AN INTERVIEW WITH PAULA WARRICK
BETH POWERS
 

Paula Warrick is Director of the Merit Awards Office in the Career Center at American University. Paula is Vice-president of NAFA.

Beth Powers: What is your idea of perfect happiness?
Paula Warrick: I studied art history and am fairly visually oriented. Happiness for me is a day off to indulge in my passion for looking at things—sand not just works of art! Among my favorite places is the National Aquarium in Baltimore with its huge assortment of colorful, delicate sea creatures.

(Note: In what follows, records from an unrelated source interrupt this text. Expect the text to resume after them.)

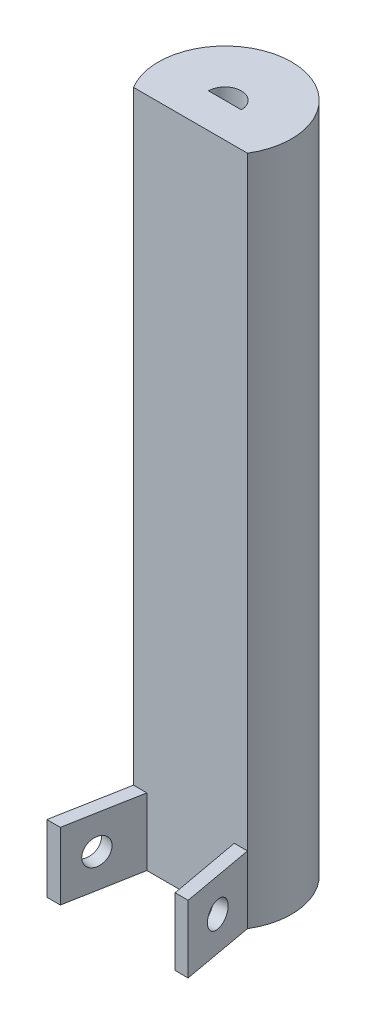
ISO-10303-21;
HEADER;
FILE_DESCRIPTION(('STEP AP214'),'2;1');
FILE_NAME('part.step','',(''),(''),'','','');
FILE_SCHEMA(('AUTOMOTIVE_DESIGN { 1 0 10303 214 1 1 1 1 }'));
ENDSEC;
DATA;
#1=APPLICATION_CONTEXT('core data for automotive mechanical design processes');
#2=APPLICATION_PROTOCOL_DEFINITION('international standard','automotive_design',2000,#1);
#3=PRODUCT_CONTEXT('',#1,'mechanical');
#4=PRODUCT('Part','Part','',(#3));
#5=PRODUCT_RELATED_PRODUCT_CATEGORY('part','',(#4));
#6=PRODUCT_DEFINITION_FORMATION('','',#4);
#7=PRODUCT_DEFINITION_CONTEXT('part definition',#1,'design');
#8=PRODUCT_DEFINITION('design','',#6,#7);
#9=PRODUCT_DEFINITION_SHAPE('','',#8);
#10=(LENGTH_UNIT() NAMED_UNIT(*) SI_UNIT(.MILLI.,.METRE.));
#11=(NAMED_UNIT(*) PLANE_ANGLE_UNIT() SI_UNIT($,.RADIAN.));
#12=(NAMED_UNIT(*) SI_UNIT($,.STERADIAN.) SOLID_ANGLE_UNIT());
#13=UNCERTAINTY_MEASURE_WITH_UNIT(LENGTH_MEASURE(1.E-05),#10,'distance_accuracy_value','');
#14=(GEOMETRIC_REPRESENTATION_CONTEXT(3) GLOBAL_UNCERTAINTY_ASSIGNED_CONTEXT((#13)) GLOBAL_UNIT_ASSIGNED_CONTEXT((#10,
#11,#12)) REPRESENTATION_CONTEXT('',''));
#15=CARTESIAN_POINT('',(0.,0.,0.));
#16=DIRECTION('',(0.,0.,1.));
#17=DIRECTION('',(1.,0.,0.));
#18=AXIS2_PLACEMENT_3D('',#15,#16,#17);
#19=CARTESIAN_POINT('',(0.,-127.254,0.));
#20=DIRECTION('',(0.,1.,0.));
#21=DIRECTION('',(0.,0.,1.));
#22=AXIS2_PLACEMENT_3D('',#19,#20,#21);
#23=CYLINDRICAL_SURFACE('',#22,12.6251531398367);
#24=DIRECTION('',(0.,-1.,0.));
#25=VECTOR('',#24,1.);
#26=CARTESIAN_POINT('',(10.8004451861737,28.448,6.53795652974117));
#27=LINE('',#26,#25);
#28=CARTESIAN_POINT('',(10.8004451861737,0.,6.53795652974117));
#29=VERTEX_POINT('',#28);
#30=CARTESIAN_POINT('',(10.8004451861737,-114.498809878987,6.53795652974117));
#31=VERTEX_POINT('',#30);
#32=EDGE_CURVE('E197',#29,#31,#27,.T.);
#33=ORIENTED_EDGE('',*,*,#32,.T.);
#34=DIRECTION('',(0.,-1.,0.));
#35=VECTOR('',#34,1.);
#36=CARTESIAN_POINT('',(10.8004451861737,-114.498809878987,6.53795652974117));
#37=LINE('',#36,#35);
#38=CARTESIAN_POINT('',(10.8004451861737,-127.254,6.53795652974117));
#39=VERTEX_POINT('',#38);
#40=EDGE_CURVE('E137',#31,#39,#37,.T.);
#41=ORIENTED_EDGE('',*,*,#40,.T.);
#42=CARTESIAN_POINT('',(0.,-127.254,0.));
#43=DIRECTION('',(0.,1.,0.));
#44=DIRECTION('',(0.,0.,1.));
#45=AXIS2_PLACEMENT_3D('',#42,#43,#44);
#46=CIRCLE('',#45,12.6251531398367);
#47=CARTESIAN_POINT('',(-10.8004451861737,-127.254,6.53795652974117));
#48=VERTEX_POINT('',#47);
#49=EDGE_CURVE('E202',#39,#48,#46,.T.);
#50=ORIENTED_EDGE('',*,*,#49,.T.);
#51=DIRECTION('',(0.,-1.,0.));
#52=VECTOR('',#51,1.);
#53=CARTESIAN_POINT('',(-10.8004451861737,-114.498809878987,6.53795652974117));
#54=LINE('',#53,#52);
#55=CARTESIAN_POINT('',(-10.8004451861737,-114.498809878987,6.53795652974117));
#56=VERTEX_POINT('',#55);
#57=EDGE_CURVE('E181',#56,#48,#54,.T.);
#58=ORIENTED_EDGE('',*,*,#57,.F.);
#59=DIRECTION('',(0.,-1.,0.));
#60=VECTOR('',#59,1.);
#61=CARTESIAN_POINT('',(-10.8004451861737,28.448,6.53795652974117));
#62=LINE('',#61,#60);
#63=CARTESIAN_POINT('',(-10.8004451861737,0.,6.53795652974117));
#64=VERTEX_POINT('',#63);
#65=EDGE_CURVE('E196',#64,#56,#62,.T.);
#66=ORIENTED_EDGE('',*,*,#65,.F.);
#67=CARTESIAN_POINT('',(0.,0.,0.));
#68=DIRECTION('',(0.,1.,0.));
#69=DIRECTION('',(0.,0.,1.));
#70=AXIS2_PLACEMENT_3D('',#67,#68,#69);
#71=CIRCLE('',#70,12.6251531398367);
#72=EDGE_CURVE('E199',#29,#64,#71,.T.);
#73=ORIENTED_EDGE('',*,*,#72,.F.);
#74=EDGE_LOOP('',(#33,#41,#50,#58,#66,#73));
#75=FACE_BOUND('',#74,.T.);
#76=ADVANCED_FACE('F33',(#75),#23,.T.);
#77=CARTESIAN_POINT('',(0.,-127.254,0.));
#78=DIRECTION('',(0.,1.,0.));
#79=DIRECTION('',(0.,0.,1.));
#80=AXIS2_PLACEMENT_3D('',#77,#78,#79);
#81=PLANE('',#80);
#82=DIRECTION('',(-1.,0.,0.));
#83=VECTOR('',#82,1.);
#84=CARTESIAN_POINT('',(-3.12616908784099,-127.254,0.));
#85=LINE('',#84,#83);
#86=CARTESIAN_POINT('',(3.09162578300214,-127.254,0.));
#87=VERTEX_POINT('',#86);
#88=CARTESIAN_POINT('',(-3.12616908784099,-127.254,0.));
#89=VERTEX_POINT('',#88);
#90=EDGE_CURVE('E186',#87,#89,#85,.T.);
#91=ORIENTED_EDGE('',*,*,#90,.F.);
#92=CARTESIAN_POINT('',(-0.0172716524194207,-127.254,0.));
#93=DIRECTION('',(0.,-1.,0.));
#94=DIRECTION('',(0.,0.,1.));
#95=AXIS2_PLACEMENT_3D('',#92,#93,#94);
#96=CIRCLE('',#95,3.10889743542157);
#97=EDGE_CURVE('E177',#89,#87,#96,.T.);
#98=ORIENTED_EDGE('',*,*,#97,.F.);
#99=EDGE_LOOP('',(#91,#98));
#100=FACE_BOUND('',#99,.T.);
#101=ORIENTED_EDGE('',*,*,#49,.F.);
#102=DIRECTION('',(0.176835796111787,0.,0.984240367600065));
#103=VECTOR('',#102,1.);
#104=CARTESIAN_POINT('',(13.2655796826163,-127.254,20.2585093607326));
#105=LINE('',#104,#103);
#106=CARTESIAN_POINT('',(13.2655796826163,-127.254,20.2585093607326));
#107=VERTEX_POINT('',#106);
#108=EDGE_CURVE('E148',#39,#107,#105,.T.);
#109=ORIENTED_EDGE('',*,*,#108,.T.);
#110=DIRECTION('',(-1.,0.,0.));
#111=VECTOR('',#110,1.);
#112=CARTESIAN_POINT('',(10.8004451861737,-127.254,20.2585093607326));
#113=LINE('',#112,#111);
#114=CARTESIAN_POINT('',(10.8004451861737,-127.254,20.2585093607326));
#115=VERTEX_POINT('',#114);
#116=EDGE_CURVE('E120',#107,#115,#113,.T.);
#117=ORIENTED_EDGE('',*,*,#116,.T.);
#118=DIRECTION('',(-0.180128494134073,0.,-0.983643088523978));
#119=VECTOR('',#118,1.);
#120=CARTESIAN_POINT('',(8.28788494052397,-127.254,6.53795652974117));
#121=LINE('',#120,#119);
#122=CARTESIAN_POINT('',(8.28788494052397,-127.254,6.53795652974117));
#123=VERTEX_POINT('',#122);
#124=EDGE_CURVE('E138',#115,#123,#121,.T.);
#125=ORIENTED_EDGE('',*,*,#124,.T.);
#126=DIRECTION('',(1.,0.,0.));
#127=VECTOR('',#126,1.);
#128=CARTESIAN_POINT('',(10.8004451861737,-127.254,6.53795652974117));
#129=LINE('',#128,#127);
#130=CARTESIAN_POINT('',(-8.27477707509697,-127.254,6.53795652974117));
#131=VERTEX_POINT('',#130);
#132=EDGE_CURVE('E192',#131,#123,#129,.T.);
#133=ORIENTED_EDGE('',*,*,#132,.F.);
#134=DIRECTION('',(-0.179298731578309,0.,0.983794676166938));
#135=VECTOR('',#134,1.);
#136=CARTESIAN_POINT('',(-8.27477707509697,-127.254,6.53795652974117));
#137=LINE('',#136,#135);
#138=CARTESIAN_POINT('',(-10.8004451861737,-127.254,20.3960514508237));
#139=VERTEX_POINT('',#138);
#140=EDGE_CURVE('E159',#131,#139,#137,.T.);
#141=ORIENTED_EDGE('',*,*,#140,.T.);
#142=DIRECTION('',(-1.,0.,0.));
#143=VECTOR('',#142,1.);
#144=CARTESIAN_POINT('',(-10.8004451861737,-127.254,20.3960514508237));
#145=LINE('',#144,#143);
#146=CARTESIAN_POINT('',(-13.364649968782,-127.254,20.3960514508237));
#147=VERTEX_POINT('',#146);
#148=EDGE_CURVE('E152',#139,#147,#145,.T.);
#149=ORIENTED_EDGE('',*,*,#148,.T.);
#150=DIRECTION('',(0.181944568373949,0.,-0.983308788753165));
#151=VECTOR('',#150,1.);
#152=CARTESIAN_POINT('',(-13.364649968782,-127.254,20.3960514508237));
#153=LINE('',#152,#151);
#154=EDGE_CURVE('E170',#147,#48,#153,.T.);
#155=ORIENTED_EDGE('',*,*,#154,.T.);
#156=EDGE_LOOP('',(#101,#109,#117,#125,#133,#141,#149,#155));
#157=FACE_BOUND('',#156,.T.);
#158=ADVANCED_FACE('F222',(#100,#157),#81,.F.);
#159=CARTESIAN_POINT('',(0.,0.,0.));
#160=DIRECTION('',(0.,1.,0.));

BP: What is your favorite aspect of scholarship work?
PW: Helping students to “connect the dots” between their diverse experiences–and to set new, more focused goals for themselves.

BP: Least favorite?
PW: My university is home to lots of international and part-time students who are self-financing terminal master’s degrees. I am frustrated by my inability to help most of them in any substantial way (due to a lack of scholarships).

BP: Which historical figure do you most identify with?
PW: Brahms comes to mind for his studiousness and sense of perfectionism–he ripped up completed works that did not live up to his standards! In all seriousness, I admire Brahms for his patience, his ability to see beauty in a variety of music (such as folk songs), and his approach to instrumentation.

BP: Which campus offices do you work most closely with in supporting/ identifying candidates?
PW: Our Honors Program and a student leadership program housed in our School of Public Affairs. I also work a great deal with my colleagues in the Career Center.

BP: Which words or phrases do you most overuse in letters of recommendation?
PW: “If I may provide additional testimony on his/her behalf, please do not hesitate to let me know.”

BP: Who are your favorite writers?
PW: I enjoy memoirs and biographies of all sorts. Two memorable books I’ve read recently straddle the line between autobiography and fiction. They are Tim O’Brien’s The Things They Carried, about the Vietnam War, and Albert Camus’s The First Man, set in colonial Algeria and France. I am moved by Camus’s characterization of education as a force that liberates his protagonist yet permanently distances him from his illiterate, impoverished family. His descriptions of Algeria are so vivid.

BP: Where would you like to live?
PW: I’m a “city person” who has deliberately chosen a job in Washington, DC. But I would love to lengthen the vacations I take every year to Utah’s Wasatch mountains. The views are stunning and the air is so dry that the sky is almost violet. My camera has never truly captured the color.

BP: What would you be doing if you weren’t doing scholarship work?
PW: Working in the education department of an art museum or historic home. As a student I worked at the National Gallery, Monticello, and the Colonial Williamsburg Foundation. I enjoyed these chances to work with the general public and to come to know the art in my immediate environment.